Record set below:

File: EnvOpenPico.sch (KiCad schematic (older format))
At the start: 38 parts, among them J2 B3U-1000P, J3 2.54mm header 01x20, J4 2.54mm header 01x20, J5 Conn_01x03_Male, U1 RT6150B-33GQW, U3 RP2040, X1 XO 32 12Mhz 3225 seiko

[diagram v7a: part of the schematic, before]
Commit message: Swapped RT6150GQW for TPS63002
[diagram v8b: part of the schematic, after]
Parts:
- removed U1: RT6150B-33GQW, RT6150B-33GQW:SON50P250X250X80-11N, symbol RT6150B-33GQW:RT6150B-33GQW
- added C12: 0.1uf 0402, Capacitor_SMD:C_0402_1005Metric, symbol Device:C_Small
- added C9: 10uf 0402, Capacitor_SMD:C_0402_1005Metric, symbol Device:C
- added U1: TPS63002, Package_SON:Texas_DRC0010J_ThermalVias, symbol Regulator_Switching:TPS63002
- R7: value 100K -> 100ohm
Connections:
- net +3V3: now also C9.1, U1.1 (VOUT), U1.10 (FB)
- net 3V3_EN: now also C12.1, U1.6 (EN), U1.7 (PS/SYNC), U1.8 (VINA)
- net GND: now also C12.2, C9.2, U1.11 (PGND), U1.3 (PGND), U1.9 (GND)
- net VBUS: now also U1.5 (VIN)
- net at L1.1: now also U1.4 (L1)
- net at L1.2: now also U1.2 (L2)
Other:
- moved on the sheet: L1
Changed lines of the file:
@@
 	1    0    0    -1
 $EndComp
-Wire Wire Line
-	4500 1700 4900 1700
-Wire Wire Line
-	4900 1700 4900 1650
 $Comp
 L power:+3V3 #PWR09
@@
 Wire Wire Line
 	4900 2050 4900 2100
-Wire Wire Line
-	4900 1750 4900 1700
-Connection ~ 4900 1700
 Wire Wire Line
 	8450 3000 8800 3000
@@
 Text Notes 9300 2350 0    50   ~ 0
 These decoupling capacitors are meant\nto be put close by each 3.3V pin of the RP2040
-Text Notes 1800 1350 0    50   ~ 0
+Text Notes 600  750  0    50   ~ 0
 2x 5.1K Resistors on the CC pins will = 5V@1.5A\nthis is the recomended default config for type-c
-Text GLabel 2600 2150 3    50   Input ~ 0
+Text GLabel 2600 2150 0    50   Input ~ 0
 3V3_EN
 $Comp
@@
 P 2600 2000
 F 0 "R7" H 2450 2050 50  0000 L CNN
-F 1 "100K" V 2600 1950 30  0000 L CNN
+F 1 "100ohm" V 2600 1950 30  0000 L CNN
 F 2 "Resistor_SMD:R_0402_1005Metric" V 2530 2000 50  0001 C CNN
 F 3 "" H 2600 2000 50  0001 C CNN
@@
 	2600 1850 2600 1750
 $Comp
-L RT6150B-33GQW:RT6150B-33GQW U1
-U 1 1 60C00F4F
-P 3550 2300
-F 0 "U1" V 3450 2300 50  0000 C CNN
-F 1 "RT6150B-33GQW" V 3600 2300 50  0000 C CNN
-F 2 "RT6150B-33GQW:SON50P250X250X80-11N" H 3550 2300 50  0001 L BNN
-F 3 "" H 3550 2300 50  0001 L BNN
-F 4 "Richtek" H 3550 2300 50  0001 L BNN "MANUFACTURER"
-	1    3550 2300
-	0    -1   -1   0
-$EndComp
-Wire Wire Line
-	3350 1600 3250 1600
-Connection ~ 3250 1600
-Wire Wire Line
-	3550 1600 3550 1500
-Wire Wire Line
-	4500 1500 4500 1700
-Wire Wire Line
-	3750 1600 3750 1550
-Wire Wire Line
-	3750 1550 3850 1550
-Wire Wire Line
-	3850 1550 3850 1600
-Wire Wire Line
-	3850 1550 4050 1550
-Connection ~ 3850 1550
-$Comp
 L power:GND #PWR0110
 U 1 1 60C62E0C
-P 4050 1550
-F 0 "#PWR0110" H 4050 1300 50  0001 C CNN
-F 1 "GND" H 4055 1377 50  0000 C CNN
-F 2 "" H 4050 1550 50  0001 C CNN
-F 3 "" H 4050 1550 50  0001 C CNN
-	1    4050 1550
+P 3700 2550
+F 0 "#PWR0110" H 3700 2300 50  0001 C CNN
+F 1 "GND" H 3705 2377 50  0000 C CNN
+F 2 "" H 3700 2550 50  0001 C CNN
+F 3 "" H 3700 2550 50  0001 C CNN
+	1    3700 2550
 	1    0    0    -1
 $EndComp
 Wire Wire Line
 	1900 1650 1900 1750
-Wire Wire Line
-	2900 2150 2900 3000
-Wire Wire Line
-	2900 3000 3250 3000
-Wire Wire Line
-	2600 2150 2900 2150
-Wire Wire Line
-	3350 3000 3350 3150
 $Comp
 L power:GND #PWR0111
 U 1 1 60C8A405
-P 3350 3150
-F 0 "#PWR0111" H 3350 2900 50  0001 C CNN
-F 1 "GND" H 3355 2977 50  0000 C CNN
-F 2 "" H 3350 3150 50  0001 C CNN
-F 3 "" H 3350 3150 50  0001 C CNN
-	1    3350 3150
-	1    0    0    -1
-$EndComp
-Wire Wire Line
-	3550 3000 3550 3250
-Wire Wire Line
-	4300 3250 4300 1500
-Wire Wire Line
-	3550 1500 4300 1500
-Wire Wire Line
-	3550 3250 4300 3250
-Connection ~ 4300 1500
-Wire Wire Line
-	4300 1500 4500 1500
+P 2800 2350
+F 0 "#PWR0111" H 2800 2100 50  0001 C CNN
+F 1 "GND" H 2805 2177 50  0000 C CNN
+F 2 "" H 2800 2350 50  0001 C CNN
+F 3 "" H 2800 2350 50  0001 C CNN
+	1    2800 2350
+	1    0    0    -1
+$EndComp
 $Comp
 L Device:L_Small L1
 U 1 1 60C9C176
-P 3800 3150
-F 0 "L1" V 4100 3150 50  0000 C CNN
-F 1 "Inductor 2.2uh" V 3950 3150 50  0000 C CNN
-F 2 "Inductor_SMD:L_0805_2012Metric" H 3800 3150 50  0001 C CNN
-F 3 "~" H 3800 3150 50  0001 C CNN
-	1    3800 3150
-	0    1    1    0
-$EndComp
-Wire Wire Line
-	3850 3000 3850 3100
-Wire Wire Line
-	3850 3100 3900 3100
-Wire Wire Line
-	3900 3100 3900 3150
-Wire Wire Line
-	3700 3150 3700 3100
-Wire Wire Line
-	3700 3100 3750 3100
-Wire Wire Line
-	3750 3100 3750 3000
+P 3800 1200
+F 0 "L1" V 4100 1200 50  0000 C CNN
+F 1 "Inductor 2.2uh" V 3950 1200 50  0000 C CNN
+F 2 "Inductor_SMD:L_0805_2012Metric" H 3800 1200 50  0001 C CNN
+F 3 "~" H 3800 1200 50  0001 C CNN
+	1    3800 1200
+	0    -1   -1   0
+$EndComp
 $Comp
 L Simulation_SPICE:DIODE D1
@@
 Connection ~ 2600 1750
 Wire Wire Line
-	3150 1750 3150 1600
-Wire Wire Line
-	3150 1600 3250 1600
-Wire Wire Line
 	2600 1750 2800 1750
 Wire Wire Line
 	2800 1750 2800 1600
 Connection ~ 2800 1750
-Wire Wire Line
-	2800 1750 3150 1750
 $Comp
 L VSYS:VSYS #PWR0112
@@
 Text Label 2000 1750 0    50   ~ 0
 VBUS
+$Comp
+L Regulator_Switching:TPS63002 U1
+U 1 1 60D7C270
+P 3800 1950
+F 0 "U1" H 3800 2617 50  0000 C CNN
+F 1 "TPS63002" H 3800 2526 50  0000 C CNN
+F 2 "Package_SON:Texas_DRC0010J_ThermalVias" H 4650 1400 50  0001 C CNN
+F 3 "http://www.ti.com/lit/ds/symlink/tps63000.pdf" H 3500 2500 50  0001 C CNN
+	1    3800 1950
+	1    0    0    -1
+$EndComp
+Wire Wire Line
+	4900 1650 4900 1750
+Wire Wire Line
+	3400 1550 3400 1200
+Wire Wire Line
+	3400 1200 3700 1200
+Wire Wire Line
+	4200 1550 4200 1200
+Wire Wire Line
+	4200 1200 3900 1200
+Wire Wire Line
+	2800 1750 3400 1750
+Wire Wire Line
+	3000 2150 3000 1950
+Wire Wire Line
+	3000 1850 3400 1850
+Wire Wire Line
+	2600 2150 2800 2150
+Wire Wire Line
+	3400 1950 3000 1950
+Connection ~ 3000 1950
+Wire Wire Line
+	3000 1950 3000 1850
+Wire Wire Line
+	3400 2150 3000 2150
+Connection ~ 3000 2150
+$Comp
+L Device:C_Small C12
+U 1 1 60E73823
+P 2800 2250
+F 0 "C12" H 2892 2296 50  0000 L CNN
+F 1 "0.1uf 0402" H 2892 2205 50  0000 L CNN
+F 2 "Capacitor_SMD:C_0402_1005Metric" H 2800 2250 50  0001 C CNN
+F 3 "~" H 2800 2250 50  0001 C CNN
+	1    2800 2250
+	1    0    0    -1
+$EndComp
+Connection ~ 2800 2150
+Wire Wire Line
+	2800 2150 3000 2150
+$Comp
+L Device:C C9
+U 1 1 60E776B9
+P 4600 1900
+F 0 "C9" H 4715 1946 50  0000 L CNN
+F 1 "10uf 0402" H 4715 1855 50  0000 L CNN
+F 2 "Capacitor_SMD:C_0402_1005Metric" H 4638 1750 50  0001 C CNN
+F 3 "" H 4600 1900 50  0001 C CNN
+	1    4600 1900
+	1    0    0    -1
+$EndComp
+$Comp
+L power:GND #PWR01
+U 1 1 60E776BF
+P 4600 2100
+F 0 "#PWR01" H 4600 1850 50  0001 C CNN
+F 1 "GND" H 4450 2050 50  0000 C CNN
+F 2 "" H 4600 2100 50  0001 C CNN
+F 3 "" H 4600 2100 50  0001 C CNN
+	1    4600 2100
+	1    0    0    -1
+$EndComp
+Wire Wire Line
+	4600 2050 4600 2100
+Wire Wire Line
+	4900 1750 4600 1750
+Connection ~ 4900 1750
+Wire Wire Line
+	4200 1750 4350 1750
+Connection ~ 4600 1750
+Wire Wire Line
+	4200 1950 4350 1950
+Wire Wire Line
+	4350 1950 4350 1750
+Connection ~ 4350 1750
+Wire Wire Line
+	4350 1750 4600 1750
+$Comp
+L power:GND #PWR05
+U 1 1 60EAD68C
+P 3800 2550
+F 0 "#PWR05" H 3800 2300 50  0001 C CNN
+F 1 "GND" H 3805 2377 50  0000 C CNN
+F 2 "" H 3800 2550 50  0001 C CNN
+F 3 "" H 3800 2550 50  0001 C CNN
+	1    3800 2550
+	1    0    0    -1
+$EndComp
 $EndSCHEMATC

End of Record set.

Your assignment:
Each line from the top of the entries above through the line containing "[diagram v7a: part of the schematic, before]" must be transcribed exactly, and no other line may appear.

Exercise solution:
File: EnvOpenPico.sch (KiCad schematic (older format))
At the start: 38 parts, among them J2 B3U-1000P, J3 2.54mm header 01x20, J4 2.54mm header 01x20, J5 Conn_01x03_Male, U1 RT6150B-33GQW, U3 RP2040, X1 XO 32 12Mhz 3225 seiko

[diagram v7a: part of the schematic, before]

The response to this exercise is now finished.